I didn't understand, at an emotional level, that it was possible to run completely out of time, or the emotional battering this would give me.

In contrast to my childhood (I started self-identifying as poly around 12; I never went through the asexual/anti-romantic phase I'm told most children do) fantasies of poly life, what has actually happened is that is that, right now anyways (May 2010), I have no less than 3 people in my life who I would love to devote my full time and attention to. Obviously that isn't going to happen. I've got one, if not two, affairs that could easily become full-time triads, with the same ability to consume my full time and attention, if I allowed them to progress in that direction.

It gets worse, though: of the 3 people I mentioned, none of them have full-time, committed sexual/romantic partners besides me. There's some half-way measures for some of, but each of them has significant things that they only get from me. So not only am I emotionally inclined to give my all to at least 2 of them (the third is a new-ish relationship, and I don't have any idea how a serious full-time relationship with em would actually go, but if I could duplicate myself I'd certainly try), but each of them has strong need/motivation at this time (and for 2 of them, for most of the last 10 years) to take from me as much time and attention as I can give.

I expected poly to let me live my life without having to prioritize one relationship over another in any serious way, except as each relationship found its own level in itself. Instead, I'm having to actively decide which relationships to give my time to, and which to ignore (partially or completely).

I expected poly to let me live my life letting my relationships find their natural level. Instead, I've spent a lot of effort lately in preventing relationships from finding their natural level.

I have no solution. I have no inkling of a solution. What I actually want is to duplicate myself a bunch of times so I can give all of the many things in my life (not just relationships) the attention the deserve. Unfortunately, I've been reading enough post-singularity fiction that that sounds like a reasonable request to me, which makes it hard for me to cope with reality as I find it.

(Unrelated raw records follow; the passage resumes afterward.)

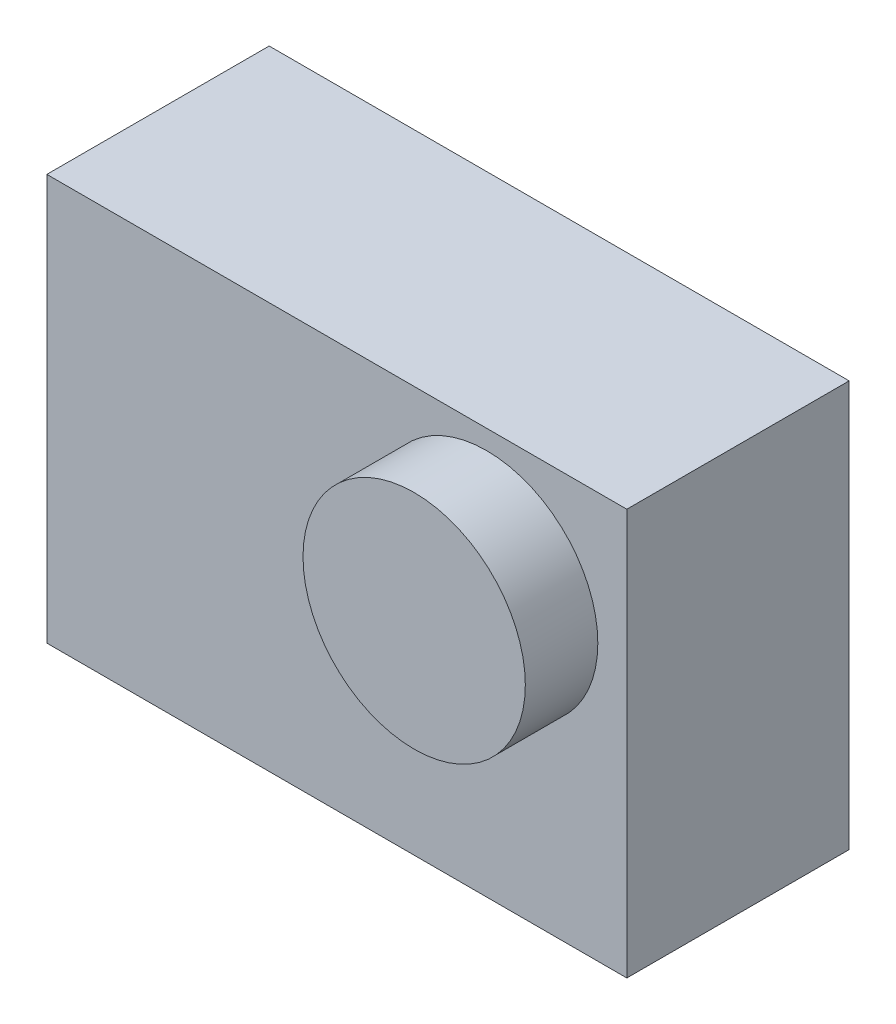
ISO-10303-21;
HEADER;
FILE_DESCRIPTION(('STEP AP214'),'2;1');
FILE_NAME('part.step','',(''),(''),'','','');
FILE_SCHEMA(('AUTOMOTIVE_DESIGN { 1 0 10303 214 1 1 1 1 }'));
ENDSEC;
DATA;
#1=APPLICATION_CONTEXT('core data for automotive mechanical design processes');
#2=APPLICATION_PROTOCOL_DEFINITION('international standard','automotive_design',2000,#1);
#3=PRODUCT_CONTEXT('',#1,'mechanical');
#4=PRODUCT('Part','Part','',(#3));
#5=PRODUCT_RELATED_PRODUCT_CATEGORY('part','',(#4));
#6=PRODUCT_DEFINITION_FORMATION('','',#4);
#7=PRODUCT_DEFINITION_CONTEXT('part definition',#1,'design');
#8=PRODUCT_DEFINITION('design','',#6,#7);
#9=PRODUCT_DEFINITION_SHAPE('','',#8);
#10=(LENGTH_UNIT() NAMED_UNIT(*) SI_UNIT(.MILLI.,.METRE.));
#11=(NAMED_UNIT(*) PLANE_ANGLE_UNIT() SI_UNIT($,.RADIAN.));
#12=(NAMED_UNIT(*) SI_UNIT($,.STERADIAN.) SOLID_ANGLE_UNIT());
#13=UNCERTAINTY_MEASURE_WITH_UNIT(LENGTH_MEASURE(1.E-05),#10,'distance_accuracy_value','');
#14=(GEOMETRIC_REPRESENTATION_CONTEXT(3) GLOBAL_UNCERTAINTY_ASSIGNED_CONTEXT((#13)) GLOBAL_UNIT_ASSIGNED_CONTEXT((#10,
#11,#12)) REPRESENTATION_CONTEXT('',''));
#15=CARTESIAN_POINT('',(0.,0.,0.));
#16=DIRECTION('',(0.,0.,1.));
#17=DIRECTION('',(1.,0.,0.));
#18=AXIS2_PLACEMENT_3D('',#15,#16,#17);
#19=CARTESIAN_POINT('',(0.,-21.,11.5));
#20=DIRECTION('',(0.,1.,0.));
#21=DIRECTION('',(0.,0.,1.));
#22=AXIS2_PLACEMENT_3D('',#19,#20,#21);
#23=PLANE('',#22);
#24=DIRECTION('',(1.,0.,0.));
#25=VECTOR('',#24,1.);
#26=CARTESIAN_POINT('',(0.,-21.,-11.5));
#27=LINE('',#26,#25);
#28=CARTESIAN_POINT('',(-30.,-21.,-11.5));
#29=VERTEX_POINT('',#28);
#30=CARTESIAN_POINT('',(30.,-21.,-11.5));
#31=VERTEX_POINT('',#30);
#32=EDGE_CURVE('E111',#29,#31,#27,.T.);
#33=ORIENTED_EDGE('',*,*,#32,.T.);
#34=DIRECTION('',(0.,0.,-1.));
#35=VECTOR('',#34,1.);
#36=CARTESIAN_POINT('',(30.,-21.,11.5));
#37=LINE('',#36,#35);
#38=CARTESIAN_POINT('',(30.,-21.,11.5));
#39=VERTEX_POINT('',#38);
#40=EDGE_CURVE('E11',#39,#31,#37,.T.);
#41=ORIENTED_EDGE('',*,*,#40,.F.);
#42=DIRECTION('',(1.,0.,0.));
#43=VECTOR('',#42,1.);
#44=CARTESIAN_POINT('',(0.,-21.,11.5));
#45=LINE('',#44,#43);
#46=CARTESIAN_POINT('',(-30.,-21.,11.5));
#47=VERTEX_POINT('',#46);
#48=EDGE_CURVE('E93',#47,#39,#45,.T.);
#49=ORIENTED_EDGE('',*,*,#48,.F.);
#50=DIRECTION('',(0.,0.,-1.));
#51=VECTOR('',#50,1.);
#52=CARTESIAN_POINT('',(-30.,-21.,11.5));
#53=LINE('',#52,#51);
#54=EDGE_CURVE('E60',#47,#29,#53,.T.);
#55=ORIENTED_EDGE('',*,*,#54,.T.);
#56=EDGE_LOOP('',(#33,#41,#49,#55));
#57=FACE_BOUND('',#56,.T.);
#58=ADVANCED_FACE('F43',(#57),#23,.F.);
#59=CARTESIAN_POINT('',(30.,0.,11.5));
#60=DIRECTION('',(-1.,0.,0.));
#61=DIRECTION('',(0.,0.,1.));
#62=AXIS2_PLACEMENT_3D('',#59,#60,#61);
#63=PLANE('',#62);
#64=DIRECTION('',(0.,1.,0.));
#65=VECTOR('',#64,1.);
#66=CARTESIAN_POINT('',(30.,0.,-11.5));
#67=LINE('',#66,#65);
#68=CARTESIAN_POINT('',(30.,21.,-11.5));
#69=VERTEX_POINT('',#68);
#70=EDGE_CURVE('E99',#31,#69,#67,.T.);
#71=ORIENTED_EDGE('',*,*,#70,.T.);
#72=DIRECTION('',(0.,0.,-1.));
#73=VECTOR('',#72,1.);
#74=CARTESIAN_POINT('',(30.,21.,11.5));
#75=LINE('',#74,#73);
#76=CARTESIAN_POINT('',(30.,21.,11.5));
#77=VERTEX_POINT('',#76);
#78=EDGE_CURVE('E52',#77,#69,#75,.T.);
#79=ORIENTED_EDGE('',*,*,#78,.F.);
#80=DIRECTION('',(0.,1.,0.));
#81=VECTOR('',#80,1.);
#82=CARTESIAN_POINT('',(30.,0.,11.5));
#83=LINE('',#82,#81);
#84=EDGE_CURVE('E85',#39,#77,#83,.T.);
#85=ORIENTED_EDGE('',*,*,#84,.F.);
#86=ORIENTED_EDGE('',*,*,#40,.T.);
#87=EDGE_LOOP('',(#71,#79,#85,#86));
#88=FACE_BOUND('',#87,.T.);
#89=ADVANCED_FACE('F98',(#88),#63,.F.);
#90=CARTESIAN_POINT('',(0.,21.,11.5));
#91=DIRECTION('',(0.,1.,0.));
#92=DIRECTION('',(0.,0.,1.));
#93=AXIS2_PLACEMENT_3D('',#90,#91,#92);
#94=PLANE('',#93);
#95=DIRECTION('',(1.,0.,0.));
#96=VECTOR('',#95,1.);
#97=CARTESIAN_POINT('',(0.,21.,-11.5));
#98=LINE('',#97,#96);
#99=CARTESIAN_POINT('',(-30.,21.,-11.5));
#100=VERTEX_POINT('',#99);
#101=EDGE_CURVE('E117',#100,#69,#98,.T.);
#102=ORIENTED_EDGE('',*,*,#101,.F.);
#103=DIRECTION('',(0.,0.,-1.));
#104=VECTOR('',#103,1.);
#105=CARTESIAN_POINT('',(-30.,21.,11.5));
#106=LINE('',#105,#104);
#107=CARTESIAN_POINT('',(-30.,21.,11.5));
#108=VERTEX_POINT('',#107);
#109=EDGE_CURVE('E74',#108,#100,#106,.T.);
#110=ORIENTED_EDGE('',*,*,#109,.F.);
#111=DIRECTION('',(1.,0.,0.));
#112=VECTOR('',#111,1.);
#113=CARTESIAN_POINT('',(0.,21.,11.5));
#114=LINE('',#113,#112);
#115=EDGE_CURVE('E92',#108,#77,#114,.T.);
#116=ORIENTED_EDGE('',*,*,#115,.T.);
#117=ORIENTED_EDGE('',*,*,#78,.T.);
#118=EDGE_LOOP('',(#102,#110,#116,#117));
#119=FACE_BOUND('',#118,.T.);
#120=ADVANCED_FACE('F103',(#119),#94,.T.);
#121=CARTESIAN_POINT('',(-30.,0.,11.5));
#122=DIRECTION('',(-1.,0.,0.));
#123=DIRECTION('',(0.,0.,1.));
#124=AXIS2_PLACEMENT_3D('',#121,#122,#123);
#125=PLANE('',#124);
#126=DIRECTION('',(0.,1.,0.));
#127=VECTOR('',#126,1.);
#128=CARTESIAN_POINT('',(-30.,0.,-11.5));
#129=LINE('',#128,#127);
#130=EDGE_CURVE('E120',#29,#100,#129,.T.);
#131=ORIENTED_EDGE('',*,*,#130,.F.);
#132=ORIENTED_EDGE('',*,*,#54,.F.);
#133=DIRECTION('',(0.,1.,0.));
#134=VECTOR('',#133,1.);
#135=CARTESIAN_POINT('',(-30.,0.,11.5));
#136=LINE('',#135,#134);
#137=EDGE_CURVE('E105',#47,#108,#136,.T.);
#138=ORIENTED_EDGE('',*,*,#137,.T.);
#139=ORIENTED_EDGE('',*,*,#109,.T.);
#140=EDGE_LOOP('',(#131,#132,#138,#139));
#141=FACE_BOUND('',#140,.T.);
#142=ADVANCED_FACE('F148',(#141),#125,.T.);
#143=CARTESIAN_POINT('',(0.,0.,11.5));
#144=DIRECTION('',(0.,0.,1.));
#145=DIRECTION('',(1.,0.,0.));
#146=AXIS2_PLACEMENT_3D('',#143,#144,#145);
#147=PLANE('',#146);
#148=CARTESIAN_POINT('',(15.5,7.5,11.5));
#149=DIRECTION('',(0.,0.,1.));
#150=DIRECTION('',(1.,0.,0.));
#151=AXIS2_PLACEMENT_3D('',#148,#149,#150);
#152=CIRCLE('',#151,11.5);
#153=CARTESIAN_POINT('',(27.,7.5,11.5));
#154=VERTEX_POINT('',#153);
#155=EDGE_CURVE('E130',#154,#154,#152,.T.);
#156=ORIENTED_EDGE('',*,*,#155,.F.);
#157=EDGE_LOOP('',(#156));
#158=FACE_BOUND('',#157,.T.);
#159=ORIENTED_EDGE('',*,*,#48,.T.);
#160=ORIENTED_EDGE('',*,*,#84,.T.);
#161=ORIENTED_EDGE('',*,*,#115,.F.);
#162=ORIENTED_EDGE('',*,*,#137,.F.);
#163=EDGE_LOOP('',(#159,#160,#161,#162));
#164=FACE_BOUND('',#163,.T.);
#165=ADVANCED_FACE('F89',(#158,#164),#147,.T.);
#166=CARTESIAN_POINT('',(0.,0.,-11.5));
#167=DIRECTION('',(0.,0.,1.));
#168=DIRECTION('',(1.,0.,0.));
#169=AXIS2_PLACEMENT_3D('',#166,#167,#168);
#170=PLANE('',#169);
#171=ORIENTED_EDGE('',*,*,#32,.F.);
#172=ORIENTED_EDGE('',*,*,#130,.T.);
#173=ORIENTED_EDGE('',*,*,#101,.T.);
#174=ORIENTED_EDGE('',*,*,#70,.F.);
#175=EDGE_LOOP('',(#171,#172,#173,#174));
#176=FACE_BOUND('',#175,.T.);
#177=ADVANCED_FACE('F143',(#176),#170,.F.);
#178=CARTESIAN_POINT('',(15.5,7.5,19.));
#179=DIRECTION('',(0.,0.,-1.));
#180=DIRECTION('',(-1.,0.,0.));
#181=AXIS2_PLACEMENT_3D('',#178,#179,#180);
#182=CYLINDRICAL_SURFACE('',#181,11.5);
#183=CARTESIAN_POINT('',(15.5,7.5,19.));
#184=DIRECTION('',(0.,0.,1.));
#185=DIRECTION('',(1.,0.,0.));
#186=AXIS2_PLACEMENT_3D('',#183,#184,#185);
#187=CIRCLE('',#186,11.5);
#188=CARTESIAN_POINT('',(27.,7.5,19.));
#189=VERTEX_POINT('',#188);
#190=EDGE_CURVE('E114',#189,#189,#187,.T.);
#191=ORIENTED_EDGE('',*,*,#190,.F.);
#192=EDGE_LOOP('',(#191));
#193=FACE_BOUND('',#192,.T.);
#194=ORIENTED_EDGE('',*,*,#155,.T.);
#195=EDGE_LOOP('',(#194));
#196=FACE_BOUND('',#195,.T.);
#197=ADVANCED_FACE('F140',(#193,#196),#182,.T.);
#198=CARTESIAN_POINT('',(15.5,7.5,19.));
#199=DIRECTION('',(0.,0.,1.));
#200=DIRECTION('',(1.,0.,0.));
#201=AXIS2_PLACEMENT_3D('',#198,#199,#200);
#202=PLANE('',#201);
#203=ORIENTED_EDGE('',*,*,#190,.T.);
#204=EDGE_LOOP('',(#203));
#205=FACE_BOUND('',#204,.T.);
#206=ADVANCED_FACE('F138',(#205),#202,.T.);
#207=CLOSED_SHELL('',(#58,#89,#120,#142,#165,#177,#197,#206));
#208=MANIFOLD_SOLID_BREP('B2',#207);
#209=ADVANCED_BREP_SHAPE_REPRESENTATION('',(#18,#208),#14);
#210=SHAPE_DEFINITION_REPRESENTATION(#9,#209);
ENDSEC;
END-ISO-10303-21;

The only ordering I've been able to come up with that seems even marginally fair, without completely abandoning my principles about relationships living or dying on their own merits, is first-come-first-served. So new relationships get put on the (currently extremely small) back burner, and if that means I don't get to help someone that I want to and that needs my help, well, tough shit, huh?

I'm not going to change what I'm doing; I think I'm handling all this, from a practical perspective, about as well as it can be handled. It's the emotional end that I'm having trouble with.

A few days ago, I spent most of the evening comforting a crying lover, who was mostly crying about things that I could fix simply by spending more time with em. It hurt, a lot, and that sort of shit seems to be happening a lot lately, and I'm just really tired of pushing people away, and not getting to spend the time I want to even with those I'm not actively pushing away.

So very, very tired of it. I could easily burst into tears right now, but you, gentle reader, would not see them, and why would I want to burden you with that anyways?